The first template image is compared with the image to be recognized to find candidates for object recognition,
The method of recognizing an object in an image according to claim 1, wherein a plurality of images are sequentially compared with the image to be recognized, such as a second template image and a third template image, and a refined search is performed.

8. The method for recognizing an object in an image according to claim 1, wherein the object recognition is performed by simultaneously comparing at least two or more template images and the image to be recognized.

A computer-executable program for recognizing an object in a recognized image, wherein the recognition template image is read from a database storing a recognition template image,
Performing object recognition by comparing the recognition template image with the recognized image,
The recognition image obtained by the object recognition as a recognition template image,
A computer-executable object recognition program that associates the template image with parameters at the time of recognition and registers the template image in the database.

The storage medium according to claim 9, wherein when the image to be recognized is composed of a plurality of continuous images, the object recognition is performed on the continuous images at predetermined intervals.

A computer-executable program for recognizing an object in a recognized image,
Enter the image to be recognized,
Reading the recognition template image from the database storing the recognition template image,
Performing object recognition by comparing the recognition template image with the recognized image,
A computer-executable object recognition program for moving or deforming a recognition image obtained by the object recognition based on parameters obtained by the object recognition.
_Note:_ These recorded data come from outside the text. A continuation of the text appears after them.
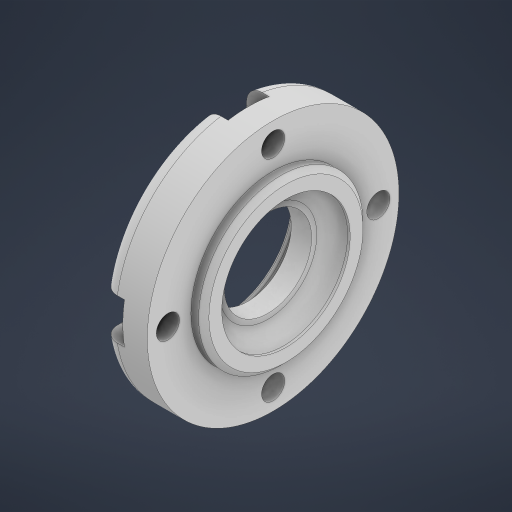
# Autodesk Inventor part: 부품3
Saved by Autodesk Inventor 2023 (Build 270158000, 158)
## iProperties
Created: 2022-11-14
Part Number: 부품3
Material: 일반
Document SubType Name: Modeling
Designer: LJH
Density: 1 g/cm^3
Appearance: 기본값
Author: LJH
Autodesk Inventor part; units mm, degrees
ref_plane "YZ Plane" through (0, 0, 0) normal (1, 0, 0) x (0, 1, 0)
ref_plane "XZ Plane" through (0, 0, 0) normal (0, 1, 0) x (-1, 0, 0)
ref_plane "XY Plane" through (0, 0, 0) normal (0, 0, 1) x (1, 0, 0)
sketch "스케치1" plane through (0, 0, 0) normal (0, 0, 1) x (1, 0, 0)
  line L0 (-5.8319, 24.5) -> (5.8319, 24.5)
  line L1 (5.8319, 24.5) -> (5.8319, 8.5)
  line L2 (5.8319, 8.5) -> (-5.8319, 8.5)
  line L3 (-5.8319, 8.5) -> (-5.8319, 24.5)
  line L4 (-5.8319, 24.5) -> (5.8319, 8.5) construction
  line L5 (5.8319, 24.5) -> (-5.8319, 8.5) construction
  line L6 (5.8319, 8.5) -> (2.3319, 8.5)
  line L7 (2.3319, 8.5) -> (2.3319, 12.5)
  line L8 (2.3319, 12.5) -> (5.8319, 12.5)
  line L9 (5.8319, 12.5) -> (5.8319, 8.5)
  line L10 (-5.8319, 8.5) -> (-1.6319, 8.5)
  line L11 (-1.6319, 8.5) -> (-1.6319, 12.5)
  line L12 (-1.6319, 12.5) -> (-5.8319, 12.5)
  line L13 (-5.8319, 12.5) -> (-5.8319, 8.5)
  line L14 (5.8319, 24.5) -> (3.3319, 24.5)
  line L15 (3.3319, 24.5) -> (3.3319, 16)
  line L16 (3.3319, 16) -> (5.8319, 16)
  line L17 (5.8319, 16) -> (5.8319, 24.5)
  line L18 (-8.1647, 0) -> (8.1647, 0) projected
  point P0 (0, 0)
  point P1 (0, 16.5)
  dimension "d0" = 8.5
  dimension "d1" = 16
  dimension "d2" = 3.5
  dimension "d3" = 4
  dimension "d4" = 4.2
  dimension "d5" = 4
  dimension "d6" = 2.5
  dimension "d7" = 8.5
  constraints: 36 end point, 8 parallel, 4 horizontal, 4 perpendicular, 2 midpoint
  measures "d0" distance from line of point (0, 0) L2
  measures "d1" distance of L0.end L1.end
  measures "d2" distance of L7.end L8.end
  measures "d3" distance of L6.end L7.end
  measures "d4" distance of L12.end L11.end
  measures "d5" distance of L11.end L10.end
  measures "d6" distance of L16.end L15.end
  measures "d7" distance of L15.end L14.end
revolve "회전1" add sketch "스케치1" angle 360 about axis through (-10, 0, 0) along (1, 0, 0) contours L0 L15 L16 L1 L8 L7 L2 L11 L12 L3
sketch "스케치2" plane through (-5.8319, 0, 0) normal (-1, 0, 0) x (0, 0, 1)
  circle A0 centre (0, 0) radius 20.5
  circle A1 centre (0, 20.5) radius 4
  circle A2 centre (0, 20.5) radius 2.25
  line L0 (4, 20.5) -> (-4, 20.5)
  line L1 (-4, 20.5) -> (-4, 27.4124)
  line L2 (-4, 27.4124) -> (4, 27.4124)
  line L3 (4, 27.4124) -> (4, 20.5)
  dimension "d9" = 41
  dimension "d10" = 8
  dimension "d11" = 4.5
  constraints: 8 end point, 2 coincident, 2 parallel, 1 centre point, 1 horizontal, 1 perpendicular, 1 vertical alignment, 5 other
  measures "d11" diameter of A2
extrude "돌출1" cut sketch "스케치2" against normal blind 4.4 contours A1 A0 A2 | A0 A2 L0 A1 | A1 L0 A2 A0 | A2 A0 | A0 L0 A2 | L0 A2 A1 | A1 L1 L2 L3 | A2 L0 A0 | L0 A2
extrude "돌출2" cut sketch "스케치2" against normal blind 15.4 contours A2 A0 | A0 L0 A2 | A2 L0 A0 | L0 A2
pattern_circular "원형 패턴1" count 4 over 360 about axis through (-1.25, 0, 0) along (1, 0, 0) of "돌출1", "돌출2"
fillet "모깎기1" radius 3 5 edges at (-5.8319, 17.3241, -17.3241) (-5.8319, -17.3241, -17.3241) (-5.8319, -17.3241, 17.3241) (-5.8319, 17.3241, 17.3241) (2.3319, -12.5, 0)
chamfer "모따기1" distance 1 angle 45 1 edges at (5.8319, -16, 0)
fillet "모깎기2" radius 0.5 1 edges at (-1.6319, -12.5, 0)
chamfer "모따기2" distance 0.6 angle 20 1 edges at (-5.8319, -12.5, 0) measured on face at (-5.3319, -12.5, 0)
fillet "모깎기3" radius 2 1 edges at (-5.2319, -12.5, 0)

The object recognition program according to any one of claims 9 to 11, wherein the parameter includes at least one of a frame position of a recognition image, a recognition object position, a recognition object size, and a tilt of the recognition object.

An object recognition device that recognizes an object in a recognized image by comparing a recognition template image with the recognized image,
Means for receiving an input of a recognized image;
A database storing recognition template images,
Means for comparing the recognition template image read from the database with the recognized image,
An object recognition apparatus comprising: a recognition image obtained by the object recognition as a recognition template image; and a means for associating the template image with parameters at the time of recognition and registering the template image in the database.

14. The object recognition device according to claim 13, wherein when the image to be recognized is composed of a plurality of continuous images, the object recognition is performed on the continuous images at predetermined intervals.

An object recognition device that recognizes an object in a recognized image by comparing a recognition template image with the recognized image,
Means for receiving an input of a recognized image;
A database storing recognition template images,
Means for comparing the recognition template image read from the database with the recognized image,
Means for moving or deforming the recognition image obtained by the object recognition based on the parameters obtained by the object recognition.

16. The object recognition device according to claim 13, wherein the parameter includes at least one of a frame position of the recognition image, a recognition object position, a recognition object size, and a tilt of the recognition object.